Work request: Go through the data below and return each line where the string "extrude" appears.

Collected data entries
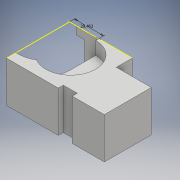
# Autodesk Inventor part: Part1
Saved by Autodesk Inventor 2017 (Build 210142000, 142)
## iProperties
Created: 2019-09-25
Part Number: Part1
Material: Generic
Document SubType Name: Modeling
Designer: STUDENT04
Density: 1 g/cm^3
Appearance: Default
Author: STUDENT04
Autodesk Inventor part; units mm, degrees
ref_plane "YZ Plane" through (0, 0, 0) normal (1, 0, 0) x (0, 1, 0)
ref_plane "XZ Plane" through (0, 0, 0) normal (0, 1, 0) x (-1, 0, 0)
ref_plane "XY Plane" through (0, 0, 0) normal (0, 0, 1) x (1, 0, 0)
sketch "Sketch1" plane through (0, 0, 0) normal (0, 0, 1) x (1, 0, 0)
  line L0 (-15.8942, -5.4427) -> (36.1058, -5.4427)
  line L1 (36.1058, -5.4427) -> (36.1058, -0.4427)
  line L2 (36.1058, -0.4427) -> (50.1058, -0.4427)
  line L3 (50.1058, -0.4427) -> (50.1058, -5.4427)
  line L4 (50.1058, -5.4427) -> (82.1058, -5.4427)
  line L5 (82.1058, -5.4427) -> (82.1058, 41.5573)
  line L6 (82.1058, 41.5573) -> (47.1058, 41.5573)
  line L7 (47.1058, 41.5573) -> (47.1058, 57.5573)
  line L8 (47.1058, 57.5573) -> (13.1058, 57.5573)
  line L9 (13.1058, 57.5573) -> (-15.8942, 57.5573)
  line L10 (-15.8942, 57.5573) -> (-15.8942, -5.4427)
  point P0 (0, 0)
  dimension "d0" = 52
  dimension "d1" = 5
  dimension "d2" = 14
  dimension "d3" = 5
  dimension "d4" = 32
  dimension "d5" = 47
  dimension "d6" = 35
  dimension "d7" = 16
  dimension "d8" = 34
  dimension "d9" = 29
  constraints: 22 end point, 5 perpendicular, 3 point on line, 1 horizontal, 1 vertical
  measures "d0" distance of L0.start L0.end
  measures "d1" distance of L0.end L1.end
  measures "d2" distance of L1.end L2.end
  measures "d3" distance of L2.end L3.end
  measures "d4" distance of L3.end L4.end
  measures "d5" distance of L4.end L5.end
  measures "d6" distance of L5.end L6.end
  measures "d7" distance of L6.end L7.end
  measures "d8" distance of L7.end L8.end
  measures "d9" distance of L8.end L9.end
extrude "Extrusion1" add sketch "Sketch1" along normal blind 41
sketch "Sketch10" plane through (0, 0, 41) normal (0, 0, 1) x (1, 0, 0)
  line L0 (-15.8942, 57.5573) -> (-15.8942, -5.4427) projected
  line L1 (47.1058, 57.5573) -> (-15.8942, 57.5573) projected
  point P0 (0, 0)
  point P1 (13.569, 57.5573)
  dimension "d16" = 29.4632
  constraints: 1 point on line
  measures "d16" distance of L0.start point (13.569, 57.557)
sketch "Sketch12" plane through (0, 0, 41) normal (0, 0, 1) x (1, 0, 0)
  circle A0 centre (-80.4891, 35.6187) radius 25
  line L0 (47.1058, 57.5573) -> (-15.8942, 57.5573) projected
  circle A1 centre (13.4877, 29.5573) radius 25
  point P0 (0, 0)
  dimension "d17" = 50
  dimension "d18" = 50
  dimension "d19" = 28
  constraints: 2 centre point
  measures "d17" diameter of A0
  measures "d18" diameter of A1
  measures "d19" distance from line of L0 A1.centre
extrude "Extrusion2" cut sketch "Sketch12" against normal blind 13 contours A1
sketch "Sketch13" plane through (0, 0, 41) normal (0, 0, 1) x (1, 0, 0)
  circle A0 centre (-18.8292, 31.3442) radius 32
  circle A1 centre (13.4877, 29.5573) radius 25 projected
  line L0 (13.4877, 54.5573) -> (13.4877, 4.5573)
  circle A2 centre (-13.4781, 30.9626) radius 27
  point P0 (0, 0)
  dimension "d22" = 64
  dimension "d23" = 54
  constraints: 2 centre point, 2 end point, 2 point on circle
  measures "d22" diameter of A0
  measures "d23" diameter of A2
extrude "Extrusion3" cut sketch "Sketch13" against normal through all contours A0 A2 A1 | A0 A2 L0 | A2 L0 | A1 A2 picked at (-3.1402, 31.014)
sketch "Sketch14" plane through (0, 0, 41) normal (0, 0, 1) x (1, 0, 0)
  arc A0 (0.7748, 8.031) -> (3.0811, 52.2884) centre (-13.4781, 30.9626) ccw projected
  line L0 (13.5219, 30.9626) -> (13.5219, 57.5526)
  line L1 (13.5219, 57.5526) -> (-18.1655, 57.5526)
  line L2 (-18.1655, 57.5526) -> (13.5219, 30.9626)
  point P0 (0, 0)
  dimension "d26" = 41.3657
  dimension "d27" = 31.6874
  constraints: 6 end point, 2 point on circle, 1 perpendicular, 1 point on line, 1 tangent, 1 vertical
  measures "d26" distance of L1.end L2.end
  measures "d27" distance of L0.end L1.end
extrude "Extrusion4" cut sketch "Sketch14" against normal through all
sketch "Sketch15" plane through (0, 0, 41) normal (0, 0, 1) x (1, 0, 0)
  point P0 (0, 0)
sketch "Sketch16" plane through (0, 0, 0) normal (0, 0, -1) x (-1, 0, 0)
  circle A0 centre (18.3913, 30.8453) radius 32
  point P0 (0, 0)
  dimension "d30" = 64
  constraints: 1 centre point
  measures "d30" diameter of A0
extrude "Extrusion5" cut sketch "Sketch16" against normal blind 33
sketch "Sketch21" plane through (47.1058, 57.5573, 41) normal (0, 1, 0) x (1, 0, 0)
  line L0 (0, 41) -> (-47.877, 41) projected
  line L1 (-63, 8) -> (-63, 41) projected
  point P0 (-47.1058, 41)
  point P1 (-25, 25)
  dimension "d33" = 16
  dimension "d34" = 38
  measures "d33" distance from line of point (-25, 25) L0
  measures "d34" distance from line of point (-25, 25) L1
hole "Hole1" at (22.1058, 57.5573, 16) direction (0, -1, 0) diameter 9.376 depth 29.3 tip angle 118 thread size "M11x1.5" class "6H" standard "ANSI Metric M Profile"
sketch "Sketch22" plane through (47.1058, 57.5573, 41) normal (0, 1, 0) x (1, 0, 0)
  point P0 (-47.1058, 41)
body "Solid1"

Answer space:
extrude "Extrusion1" add sketch "Sketch1" along normal blind 41
extrude "Extrusion2" cut sketch "Sketch12" against normal blind 13 contours A1
extrude "Extrusion3" cut sketch "Sketch13" against normal through all contours A0 A2 A1 | A0 A2 L0 | A2 L0 | A1 A2 picked at (-3.1402, 31.014)
extrude "Extrusion4" cut sketch "Sketch14" against normal through all
extrude "Extrusion5" cut sketch "Sketch16" against normal blind 33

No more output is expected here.